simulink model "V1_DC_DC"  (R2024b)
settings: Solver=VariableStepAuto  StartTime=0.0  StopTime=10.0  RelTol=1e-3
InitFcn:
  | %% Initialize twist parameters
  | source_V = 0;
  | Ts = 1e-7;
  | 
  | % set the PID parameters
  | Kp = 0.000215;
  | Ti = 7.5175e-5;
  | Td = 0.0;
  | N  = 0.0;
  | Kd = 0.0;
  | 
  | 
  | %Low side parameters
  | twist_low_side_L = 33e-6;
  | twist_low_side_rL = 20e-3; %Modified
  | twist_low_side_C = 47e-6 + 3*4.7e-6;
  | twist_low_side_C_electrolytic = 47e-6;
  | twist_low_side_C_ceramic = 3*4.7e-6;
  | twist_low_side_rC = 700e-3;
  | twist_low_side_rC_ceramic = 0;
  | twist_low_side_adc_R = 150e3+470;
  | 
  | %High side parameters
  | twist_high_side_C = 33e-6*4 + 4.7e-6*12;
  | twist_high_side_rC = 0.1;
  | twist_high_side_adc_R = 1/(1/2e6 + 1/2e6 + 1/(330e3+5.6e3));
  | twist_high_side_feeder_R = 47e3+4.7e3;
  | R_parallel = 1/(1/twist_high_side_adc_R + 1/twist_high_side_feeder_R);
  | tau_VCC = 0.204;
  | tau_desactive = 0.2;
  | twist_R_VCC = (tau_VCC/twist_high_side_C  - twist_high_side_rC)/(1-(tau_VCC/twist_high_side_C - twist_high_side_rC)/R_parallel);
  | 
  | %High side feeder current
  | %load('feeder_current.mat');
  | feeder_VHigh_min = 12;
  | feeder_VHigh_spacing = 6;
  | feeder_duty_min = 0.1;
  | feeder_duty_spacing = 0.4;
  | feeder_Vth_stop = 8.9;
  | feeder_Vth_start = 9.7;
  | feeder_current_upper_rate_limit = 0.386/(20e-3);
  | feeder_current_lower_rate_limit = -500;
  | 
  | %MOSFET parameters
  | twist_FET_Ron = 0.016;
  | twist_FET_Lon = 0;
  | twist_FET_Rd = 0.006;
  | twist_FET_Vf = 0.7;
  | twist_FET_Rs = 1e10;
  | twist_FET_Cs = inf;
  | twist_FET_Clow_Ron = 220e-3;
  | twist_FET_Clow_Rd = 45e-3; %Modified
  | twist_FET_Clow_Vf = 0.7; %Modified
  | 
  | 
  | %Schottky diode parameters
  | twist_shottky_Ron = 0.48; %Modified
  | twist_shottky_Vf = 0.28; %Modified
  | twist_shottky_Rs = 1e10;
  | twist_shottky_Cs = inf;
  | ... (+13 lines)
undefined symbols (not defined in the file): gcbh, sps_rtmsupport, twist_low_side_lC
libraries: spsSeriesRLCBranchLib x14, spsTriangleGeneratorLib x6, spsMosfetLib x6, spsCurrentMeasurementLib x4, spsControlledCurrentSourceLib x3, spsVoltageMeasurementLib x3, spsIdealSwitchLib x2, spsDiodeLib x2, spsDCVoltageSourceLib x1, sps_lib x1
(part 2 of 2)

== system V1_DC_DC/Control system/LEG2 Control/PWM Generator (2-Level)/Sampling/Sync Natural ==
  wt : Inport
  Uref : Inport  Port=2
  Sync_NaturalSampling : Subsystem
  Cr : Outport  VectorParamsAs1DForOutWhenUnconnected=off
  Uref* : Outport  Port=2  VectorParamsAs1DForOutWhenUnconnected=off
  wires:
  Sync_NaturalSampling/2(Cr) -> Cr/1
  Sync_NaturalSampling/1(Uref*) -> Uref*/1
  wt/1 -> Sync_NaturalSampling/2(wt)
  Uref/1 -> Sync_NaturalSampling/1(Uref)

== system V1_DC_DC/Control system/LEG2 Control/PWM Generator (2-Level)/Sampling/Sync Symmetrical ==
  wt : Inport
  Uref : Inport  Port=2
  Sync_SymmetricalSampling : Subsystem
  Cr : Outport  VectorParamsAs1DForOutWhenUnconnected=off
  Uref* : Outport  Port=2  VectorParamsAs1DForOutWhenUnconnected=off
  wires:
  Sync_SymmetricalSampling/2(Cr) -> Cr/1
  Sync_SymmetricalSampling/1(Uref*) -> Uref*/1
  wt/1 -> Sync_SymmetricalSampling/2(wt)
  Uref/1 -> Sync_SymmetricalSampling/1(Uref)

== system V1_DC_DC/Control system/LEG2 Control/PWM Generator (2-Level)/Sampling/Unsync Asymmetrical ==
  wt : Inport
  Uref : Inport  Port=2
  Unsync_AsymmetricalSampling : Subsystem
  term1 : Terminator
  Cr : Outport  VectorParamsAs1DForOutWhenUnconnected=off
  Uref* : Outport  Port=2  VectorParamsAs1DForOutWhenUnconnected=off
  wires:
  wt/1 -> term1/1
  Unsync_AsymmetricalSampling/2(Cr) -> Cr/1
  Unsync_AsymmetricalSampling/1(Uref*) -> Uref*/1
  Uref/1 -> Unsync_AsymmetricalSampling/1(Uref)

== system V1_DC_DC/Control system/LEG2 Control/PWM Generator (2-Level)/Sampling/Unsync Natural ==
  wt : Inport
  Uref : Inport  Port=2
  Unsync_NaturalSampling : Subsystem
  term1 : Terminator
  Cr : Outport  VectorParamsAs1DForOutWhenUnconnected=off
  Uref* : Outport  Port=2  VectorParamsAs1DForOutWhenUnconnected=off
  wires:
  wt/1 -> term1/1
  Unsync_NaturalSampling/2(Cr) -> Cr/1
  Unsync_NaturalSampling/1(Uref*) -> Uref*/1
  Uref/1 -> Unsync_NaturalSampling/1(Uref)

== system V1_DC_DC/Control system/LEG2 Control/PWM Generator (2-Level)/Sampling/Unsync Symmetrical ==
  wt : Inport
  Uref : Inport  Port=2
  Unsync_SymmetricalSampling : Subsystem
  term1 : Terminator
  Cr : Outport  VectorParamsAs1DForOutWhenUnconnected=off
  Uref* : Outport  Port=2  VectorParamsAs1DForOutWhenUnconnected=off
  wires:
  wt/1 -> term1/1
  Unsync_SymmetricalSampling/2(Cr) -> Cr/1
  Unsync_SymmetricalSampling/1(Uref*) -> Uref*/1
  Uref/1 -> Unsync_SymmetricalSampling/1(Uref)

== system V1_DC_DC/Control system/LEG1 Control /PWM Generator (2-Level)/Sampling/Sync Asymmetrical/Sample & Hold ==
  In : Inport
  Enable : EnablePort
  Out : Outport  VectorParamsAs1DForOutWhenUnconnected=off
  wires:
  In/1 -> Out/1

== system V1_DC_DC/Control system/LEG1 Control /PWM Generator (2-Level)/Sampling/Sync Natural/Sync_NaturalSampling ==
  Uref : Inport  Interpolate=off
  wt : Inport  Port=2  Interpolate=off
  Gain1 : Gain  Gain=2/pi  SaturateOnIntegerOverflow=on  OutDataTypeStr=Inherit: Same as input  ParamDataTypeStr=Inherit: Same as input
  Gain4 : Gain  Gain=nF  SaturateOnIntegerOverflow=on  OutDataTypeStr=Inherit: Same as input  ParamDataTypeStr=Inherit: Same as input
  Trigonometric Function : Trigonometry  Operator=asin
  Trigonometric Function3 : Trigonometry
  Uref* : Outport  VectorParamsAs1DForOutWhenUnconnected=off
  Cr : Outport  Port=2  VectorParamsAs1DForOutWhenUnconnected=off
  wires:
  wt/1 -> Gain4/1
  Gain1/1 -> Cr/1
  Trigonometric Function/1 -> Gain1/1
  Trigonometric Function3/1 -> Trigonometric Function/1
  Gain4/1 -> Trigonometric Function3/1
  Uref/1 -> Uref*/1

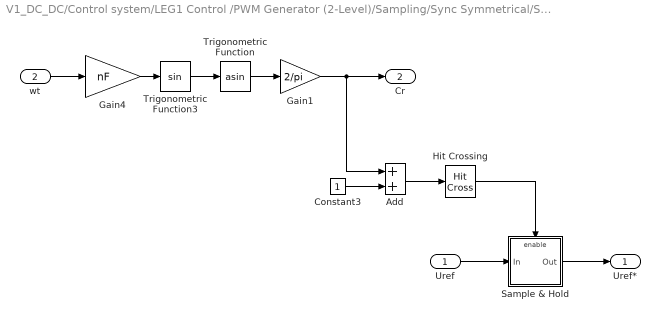
== system V1_DC_DC/Control system/LEG1 Control /PWM Generator (2-Level)/Sampling/Sync Symmetrical/Sync_SymmetricalSampling ==
  Uref : Inport  Interpolate=off
  wt : Inport  Port=2  Interpolate=off
  Add : Sum
  Constant3 : Constant
  Gain1 : Gain  Gain=2/pi  SaturateOnIntegerOverflow=on  OutDataTypeStr=Inherit: Same as input  ParamDataTypeStr=Inherit: Same as input
  Gain4 : Gain  Gain=nF  SaturateOnIntegerOverflow=on  OutDataTypeStr=Inherit: Same as input  ParamDataTypeStr=Inherit: Same as input
  Hit Crossing : HitCross  HitCrossingOffset=1e-9  HitCrossingDirection=falling
  Sample & Hold : Subsystem
  Trigonometric Function : Trigonometry  Operator=asin
  Trigonometric Function3 : Trigonometry
  Uref* : Outport  VectorParamsAs1DForOutWhenUnconnected=off
  Cr : Outport  Port=2  VectorParamsAs1DForOutWhenUnconnected=off
  wires:
  wt/1 -> Gain4/1
  Gain1/1 -> Cr/1, Add/1
  Trigonometric Function/1 -> Gain1/1
  Trigonometric Function3/1 -> Trigonometric Function/1
  Gain4/1 -> Trigonometric Function3/1
  Add/1 -> Hit Crossing/1
  Constant3/1 -> Add/2
  Hit Crossing/1 -> Sample & Hold/Enable
  Uref/1 -> Sample & Hold/1(In)
  Sample & Hold/1(Out) -> Uref*/1

== system V1_DC_DC/Control system/LEG1 Control /PWM Generator (2-Level)/Sampling/Unsync Asymmetrical/Unsync_AsymmetricalSampling ==
  Uref : Inport  Interpolate=off
  Triangle Generator : spsTriangleGeneratorLib/Triangle Generator  Freq=sps.Fc  Phase=sps.Pc  Ts=Ts
  Zero-Order Hold : ZeroOrderHold  SampleTime=sps.SampleTimeZOH_AsymSampling
  Uref* : Outport  VectorParamsAs1DForOutWhenUnconnected=off
  Cr : Outport  Port=2  VectorParamsAs1DForOutWhenUnconnected=off
  wires:
  Triangle Generator/1 -> Cr/1
  Uref/1 -> Zero-Order Hold/1
  Zero-Order Hold/1 -> Uref*/1

== system V1_DC_DC/Control system/LEG1 Control /PWM Generator (2-Level)/Sampling/Unsync Natural/Unsync_NaturalSampling ==
  Uref : Inport  Interpolate=off
  Triangle Generator : spsTriangleGeneratorLib/Triangle Generator  Freq=sps.Fc  Phase=sps.Pc  Ts=Ts
  Uref* : Outport  VectorParamsAs1DForOutWhenUnconnected=off
  Cr : Outport  Port=2  VectorParamsAs1DForOutWhenUnconnected=off
  wires:
  Triangle Generator/1 -> Cr/1
  Uref/1 -> Uref*/1

== system V1_DC_DC/Control system/LEG1 Control /PWM Generator (2-Level)/Sampling/Unsync Symmetrical/Unsync_SymmetricalSampling ==
  Uref : Inport  Interpolate=off
  Triangle Generator : spsTriangleGeneratorLib/Triangle Generator  Freq=sps.Fc  Phase=sps.Pc  Ts=Ts
  Zero-Order Hold : ZeroOrderHold  SampleTime=sps.SampleTimeZOH_SymSampling
  Uref* : Outport  VectorParamsAs1DForOutWhenUnconnected=off
  Cr : Outport  Port=2  VectorParamsAs1DForOutWhenUnconnected=off
  wires:
  Triangle Generator/1 -> Cr/1
  Uref/1 -> Zero-Order Hold/1
  Zero-Order Hold/1 -> Uref*/1

== system V1_DC_DC/Control system/LEG2 Control/PWM Generator (2-Level)/Sampling/Sync Asymmetrical/Sample & Hold ==
  In : Inport
  Enable : EnablePort
  Out : Outport  VectorParamsAs1DForOutWhenUnconnected=off
  wires:
  In/1 -> Out/1

== system V1_DC_DC/Control system/LEG2 Control/PWM Generator (2-Level)/Sampling/Sync Natural/Sync_NaturalSampling ==
  Uref : Inport  Interpolate=off
  wt : Inport  Port=2  Interpolate=off
  Gain1 : Gain  Gain=2/pi  SaturateOnIntegerOverflow=on  OutDataTypeStr=Inherit: Same as input  ParamDataTypeStr=Inherit: Same as input
  Gain4 : Gain  Gain=nF  SaturateOnIntegerOverflow=on  OutDataTypeStr=Inherit: Same as input  ParamDataTypeStr=Inherit: Same as input
  Trigonometric Function : Trigonometry  Operator=asin
  Trigonometric Function3 : Trigonometry
  Uref* : Outport  VectorParamsAs1DForOutWhenUnconnected=off
  Cr : Outport  Port=2  VectorParamsAs1DForOutWhenUnconnected=off
  wires:
  Uref/1 -> Uref*/1
  Gain4/1 -> Trigonometric Function3/1
  Trigonometric Function3/1 -> Trigonometric Function/1
  Trigonometric Function/1 -> Gain1/1
  Gain1/1 -> Cr/1
  wt/1 -> Gain4/1

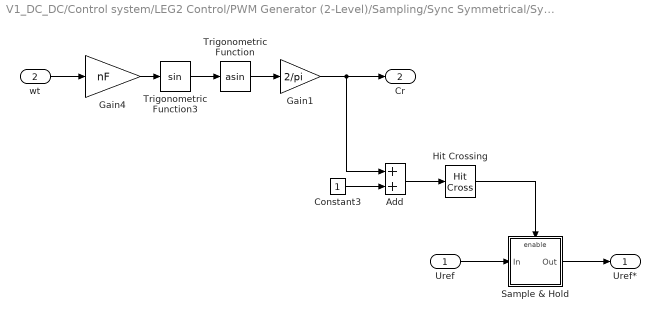
== system V1_DC_DC/Control system/LEG2 Control/PWM Generator (2-Level)/Sampling/Sync Symmetrical/Sync_SymmetricalSampling ==
  Uref : Inport  Interpolate=off
  wt : Inport  Port=2  Interpolate=off
  Add : Sum
  Constant3 : Constant
  Gain1 : Gain  Gain=2/pi  SaturateOnIntegerOverflow=on  OutDataTypeStr=Inherit: Same as input  ParamDataTypeStr=Inherit: Same as input
  Gain4 : Gain  Gain=nF  SaturateOnIntegerOverflow=on  OutDataTypeStr=Inherit: Same as input  ParamDataTypeStr=Inherit: Same as input
  Hit Crossing : HitCross  HitCrossingOffset=1e-9  HitCrossingDirection=falling
  Sample & Hold : Subsystem
  Trigonometric Function : Trigonometry  Operator=asin
  Trigonometric Function3 : Trigonometry
  Uref* : Outport  VectorParamsAs1DForOutWhenUnconnected=off
  Cr : Outport  Port=2  VectorParamsAs1DForOutWhenUnconnected=off
  wires:
  Sample & Hold/1(Out) -> Uref*/1
  Uref/1 -> Sample & Hold/1(In)
  Hit Crossing/1 -> Sample & Hold/Enable
  Constant3/1 -> Add/2
  Add/1 -> Hit Crossing/1
  Gain4/1 -> Trigonometric Function3/1
  Trigonometric Function3/1 -> Trigonometric Function/1
  Trigonometric Function/1 -> Gain1/1
  Gain1/1 -> Add/1, Cr/1
  wt/1 -> Gain4/1

== system V1_DC_DC/Control system/LEG2 Control/PWM Generator (2-Level)/Sampling/Unsync Asymmetrical/Unsync_AsymmetricalSampling ==
  Uref : Inport  Interpolate=off
  Triangle Generator : spsTriangleGeneratorLib/Triangle Generator  Freq=sps.Fc  Phase=sps.Pc  Ts=Ts
  Zero-Order Hold : ZeroOrderHold  SampleTime=sps.SampleTimeZOH_AsymSampling
  Uref* : Outport  VectorParamsAs1DForOutWhenUnconnected=off
  Cr : Outport  Port=2  VectorParamsAs1DForOutWhenUnconnected=off
  wires:
  Zero-Order Hold/1 -> Uref*/1
  Uref/1 -> Zero-Order Hold/1
  Triangle Generator/1 -> Cr/1

== system V1_DC_DC/Control system/LEG2 Control/PWM Generator (2-Level)/Sampling/Unsync Natural/Unsync_NaturalSampling ==
  Uref : Inport  Interpolate=off
  Triangle Generator : spsTriangleGeneratorLib/Triangle Generator  Freq=sps.Fc  Phase=sps.Pc  Ts=Ts
  Uref* : Outport  VectorParamsAs1DForOutWhenUnconnected=off
  Cr : Outport  Port=2  VectorParamsAs1DForOutWhenUnconnected=off
  wires:
  Uref/1 -> Uref*/1
  Triangle Generator/1 -> Cr/1

== system V1_DC_DC/Control system/LEG2 Control/PWM Generator (2-Level)/Sampling/Unsync Symmetrical/Unsync_SymmetricalSampling ==
  Uref : Inport  Interpolate=off
  Triangle Generator : spsTriangleGeneratorLib/Triangle Generator  Freq=sps.Fc  Phase=sps.Pc  Ts=Ts
  Zero-Order Hold : ZeroOrderHold  SampleTime=sps.SampleTimeZOH_SymSampling
  Uref* : Outport  VectorParamsAs1DForOutWhenUnconnected=off
  Cr : Outport  Port=2  VectorParamsAs1DForOutWhenUnconnected=off
  wires:
  Zero-Order Hold/1 -> Uref*/1
  Uref/1 -> Zero-Order Hold/1
  Triangle Generator/1 -> Cr/1

== system V1_DC_DC/Control system/LEG1 Control /PWM Generator (2-Level)/Sampling/Sync Symmetrical/Sync_SymmetricalSampling/Sample & Hold ==
  In : Inport
  Enable : EnablePort
  Out : Outport  VectorParamsAs1DForOutWhenUnconnected=off
  wires:
  In/1 -> Out/1

== system V1_DC_DC/Control system/LEG2 Control/PWM Generator (2-Level)/Sampling/Sync Symmetrical/Sync_SymmetricalSampling/Sample & Hold ==
  In : Inport
  Enable : EnablePort
  Out : Outport  VectorParamsAs1DForOutWhenUnconnected=off
  wires:
  In/1 -> Out/1

■ Your instructions: I would like you to report every line in the listing above that contains "Subsystem".

■ Exercise response:
  Sync_NaturalSampling : Subsystem
  Sync_SymmetricalSampling : Subsystem
  Unsync_AsymmetricalSampling : Subsystem
  Unsync_NaturalSampling : Subsystem
  Unsync_SymmetricalSampling : Subsystem
  Sample & Hold : Subsystem
  Sample & Hold : Subsystem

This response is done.